··· INFORMATION SHOWN

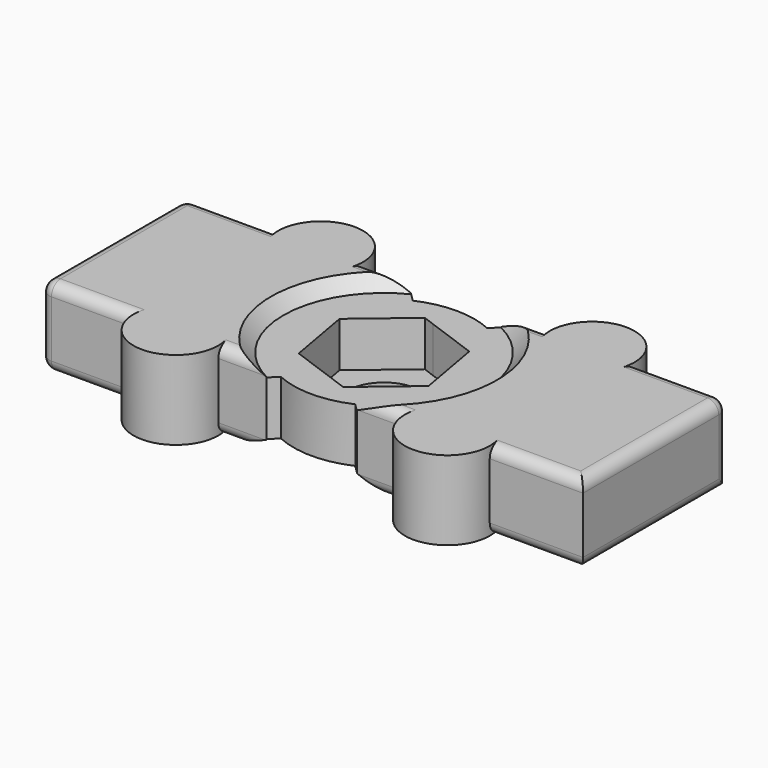
from build123d import *

# Parameters (mm, degrees)
F1_DEPTH     = 3.048
F2_DEPTH     = 4.445
F3_T4_ANGLE  = 205.1460272103
F3_T9_ANGLE  = 205.1460272103
F3_T14_ANGLE = 205.1460272103
F3_T19_ANGLE = 205.1460272103
F4_R         = 1.27
F5_R         = 4.064
F6_DEPTH     = 1.016


# Not quite as in the source:
# - a fillet or chamfer that OpenCascade refuses, or shapes differently, is made with other operations: its cross-section is extruded or revolved along the edge and cut away or added


with BuildPart() as f1:
    # F0 (on Top) → F1 (new body, symmetric)
    with BuildSketch(Plane.XY):
        with BuildLine():
            ThreePointArc((4.1802083301, 9.2602083301), (2.1379760717, 9.932505138), (0, 10.16))
            ThreePointArc((0, 10.16), (-2.1379760717, 9.932505138), (-4.1802083301, 9.2602083301))
            ThreePointArc((-4.1802083301, 9.2602083301), (-10.16, 0), (-4.1802083301, -9.2602083301))
            ThreePointArc((-4.1802083301, -9.2602083301), (0, -10.16), (4.1802083301, -9.2602083301))
            ThreePointArc((4.1802083301, -9.2602083301), (8.5351191156, -5.511564359), (10.16, 0))
            ThreePointArc((10.16, 0), (8.5351191156, 5.511564359), (4.1802083301, 9.2602083301))
        make_face()
        Polygon((-5.7207672085, -4.8174884064), (-7.0324509466, 2.5455855286), (-1.3116837381, 7.3630739349), (0, 6.8882745845), (5.7207672085, 4.8174884064), (7.0324509466, -2.5455855286), (4.5967240587, -4.5967240587), (1.3116837381, -7.3630739349), (0, -6.8882745845), align=None, mode=Mode.SUBTRACT)
    extrude(amount=F1_DEPTH, both=True)

    # F0 (on Top) → F2 (join, symmetric)
    with BuildSketch(Plane.XY):
        with BuildLine():
            ThreePointArc((-4.1802083301, -9.2602083301), (-10.16, 0), (-4.1802083301, 9.2602083301))
            Line((-4.1802083301, 9.2602083301), (-5.08, 10.16))
            Line((-5.08, 10.16), (-10.4775, 10.16))
            ThreePointArc((-10.4775, 10.16), (-15.24, 14.9225), (-20.0025, 10.16))
            Line((-20.0025, 10.16), (-30.48, 10.16))
            Line((-30.48, 10.16), (-30.48, -10.16))
            Line((-30.48, -10.16), (-20.0025, -10.16))
            ThreePointArc((-20.0025, -10.16), (-15.24, -14.9225), (-10.4775, -10.16))
            Line((-10.4775, -10.16), (-5.08, -10.16))
            Line((-5.08, -10.16), (-4.1802083301, -9.2602083301))
        make_face()
        with BuildLine():
            Line((5.08, 10.16), (4.1802083301, 9.2602083301))
            ThreePointArc((4.1802083301, 9.2602083301), (8.5351191156, 5.511564359), (10.16, 0))
            ThreePointArc((10.16, 0), (8.5351191156, -5.511564359), (4.1802083301, -9.2602083301))
            Line((4.1802083301, -9.2602083301), (5.08, -10.16))
            Line((5.08, -10.16), (10.4775, -10.16))
            ThreePointArc((10.4775, -10.16), (15.24, -14.9225), (20.0025, -10.16))
            Line((20.0025, -10.16), (30.48, -10.16))
            Line((30.48, -10.16), (30.48, 10.16))
            Line((30.48, 10.16), (20.0025, 10.16))
            ThreePointArc((20.0025, 10.16), (15.24, 14.9225), (10.4775, 10.16))
            Line((10.4775, 10.16), (5.08, 10.16))
        make_face()
    extrude(amount=F2_DEPTH, both=True)

    # F3: chamfer of 2.54 on 4 edges, made by hand


with BuildPart() as f3_tool2:
    # F3_s3 → F3_t4 (revolve)
    with BuildSketch(Plane(origin=(0, 0, 0), x_dir=(0, 0, 1), z_dir=(0.9760193995, 0.217683559, 0))):
        Polygon((4.445, 12.7), (1.905, 10.16), (4.445, 10.16), align=None)
    revolve(axis=Axis((0, 0, 4.445), (0, 0, -1)), revolution_arc=F3_T4_ANGLE)

    split(bisect_by=Plane.XY.offset(3.048), keep=Keep.TOP)


with BuildPart() as f1_1:
    add(f1.part)

    # F3_t1: cut F3_tool2
    add(f3_tool2.part, mode=Mode.SUBTRACT)


with BuildPart() as f3_tool7:
    # F3_s8 → F3_t9 (revolve)
    with BuildSketch(Plane(origin=(0, 0, 0), x_dir=(0, 0, 1), z_dir=(-0.9760193995, -0.217683559, 0))):
        Polygon((1.905, 10.16), (4.445, 12.7), (4.445, 10.16), align=None)
    revolve(axis=Axis((0, 0, 4.445), (0, 0, -1)), revolution_arc=F3_T9_ANGLE)

    split(bisect_by=Plane.XY.offset(3.048), keep=Keep.TOP)


with BuildPart() as f1_2:
    add(f1_1.part)

    # F3_t6: cut F3_tool7
    add(f3_tool7.part, mode=Mode.SUBTRACT)


with BuildPart() as f3_tool12:
    # F3_s13 → F3_t14 (revolve)
    with BuildSketch(Plane(origin=(0, 0, 0), x_dir=(0, 0, 1), z_dir=(-0.9760193995, -0.217683559, 0))):
        Polygon((-4.445, 12.7), (-1.905, 10.16), (-4.445, 10.16), align=None)
    revolve(axis=Axis((0, 0, -4.445), (0, 0, -1)), revolution_arc=F3_T14_ANGLE)

    split(bisect_by=Plane.XY.offset(-3.048), keep=Keep.BOTTOM)


with BuildPart() as f1_3:
    add(f1_2.part)

    # F3_t11: cut F3_tool12
    add(f3_tool12.part, mode=Mode.SUBTRACT)


with BuildPart() as f3_tool17:
    # F3_s18 → F3_t19 (revolve)
    with BuildSketch(Plane(origin=(0, 0, 0), x_dir=(0, 0, 1), z_dir=(0.9760193995, 0.217683559, 0))):
        Polygon((-1.905, 10.16), (-4.445, 12.7), (-4.445, 10.16), align=None)
    revolve(axis=Axis((0, 0, -4.445), (0, 0, -1)), revolution_arc=F3_T19_ANGLE)

    split(bisect_by=Plane.XY.offset(-3.048), keep=Keep.BOTTOM)


with BuildPart() as f1_4:
    add(f1_3.part)

    # F3_t16: cut F3_tool17
    add(f3_tool17.part, mode=Mode.SUBTRACT)

    # F4
    f4_edges = [f1_4.edges().sort_by_distance(p)[0] for p in [
        (-25.24125, -10.16, 4.445),
        (-30.48, 0, 4.445),
        (-25.24125, 10.16, 4.445),
        (25.24125, -10.16, 4.445),
        (30.48, 0, 4.445),
        (25.24125, 10.16, 4.445),
        (-25.24125, -10.16, -4.445),
        (-30.48, -10.16, 0),
        (25.24125, -10.16, -4.445),
        (30.48, 0, -4.445),
        (30.48, 10.16, 0),
        (-30.48, 10.16, 0),
        (-25.24125, 10.16, -4.445),
        (-30.48, 0, -4.445),
        (-9.04875, 10.16, 4.445),
        (9.04875, 10.16, 4.445),
        (-9.04875, -10.16, 4.445),
        (9.04875, -10.16, 4.445),
        (9.04875, 10.16, -4.445),
        (-9.04875, 10.16, -4.445),
        (-9.04875, -10.16, -4.445),
        (9.04875, -10.16, -4.445),
    ]]
    fillet(f4_edges, radius=F4_R)

    # F5 (on face) → F6 (join)
    with BuildSketch(Plane(origin=(0, 0, -3.048), x_dir=(1, 0, 0), z_dir=(0, 0, -1))):
        with BuildLine():
            ThreePointArc((4.4189755144, -9.4989755144), (8.8332738002, -5.6330413093), (10.4765395251, 0))
            ThreePointArc((10.4765395251, 0), (8.8332738002, 5.6330413093), (4.4189755144, 9.4989755144))
            Line((4.4189755144, 9.4989755144), (4.1802083301, 9.2602083301))
            ThreePointArc((4.1802083301, 9.2602083301), (0, 10.16), (-4.1802083301, 9.2602083301))
            Line((-4.1802083301, 9.2602083301), (-4.4189755144, 9.4989755144))
            ThreePointArc((-4.4189755144, 9.4989755144), (-10.4765395251, 0), (-4.4189755144, -9.4989755144))
            Line((-4.4189755144, -9.4989755144), (-4.1802083301, -9.2602083301))
            ThreePointArc((-4.1802083301, -9.2602083301), (0, -10.16), (4.1802083301, -9.2602083301))
            Line((4.1802083301, -9.2602083301), (4.4189755144, -9.4989755144))
        make_face()
        Polygon((-1.3116837381, -7.3630739349), (-7.0324509466, -2.5455855286), (-5.7207672085, 4.8174884064), (1.3116837381, 7.3630739349), (7.0324509466, 2.5455855286), (5.7207672085, -4.8174884064), align=None, mode=Mode.SUBTRACT)
        Polygon((-5.7207672085, 4.8174884064), (-7.0324509466, -2.5455855286), (-1.3116837381, -7.3630739349), (5.7207672085, -4.8174884064), (7.0324509466, 2.5455855286), (1.3116837381, 7.3630739349), align=None)
        Circle(F5_R, mode=Mode.SUBTRACT)
    extrude(amount=-F6_DEPTH)


solid = f1_4.part

······

## WHAT TO WORK ON
Would you please repeat exactly the lines above, starting at the line with "# F3: chamfer" and stopping at the line with "add(f3_tool2.part, mode=Mode.SUBTRACT)", both included?

## EXPECTED OUTPUT
    # F3: chamfer of 2.54 on 4 edges, made by hand


with BuildPart() as f3_tool2:
    # F3_s3 → F3_t4 (revolve)
    with BuildSketch(Plane(origin=(0, 0, 0), x_dir=(0, 0, 1), z_dir=(0.9760193995, 0.217683559, 0))):
        Polygon((4.445, 12.7), (1.905, 10.16), (4.445, 10.16), align=None)
    revolve(axis=Axis((0, 0, 4.445), (0, 0, -1)), revolution_arc=F3_T4_ANGLE)

    split(bisect_by=Plane.XY.offset(3.048), keep=Keep.TOP)


with BuildPart() as f1_1:
    add(f1.part)

    # F3_t1: cut F3_tool2
    add(f3_tool2.part, mode=Mode.SUBTRACT)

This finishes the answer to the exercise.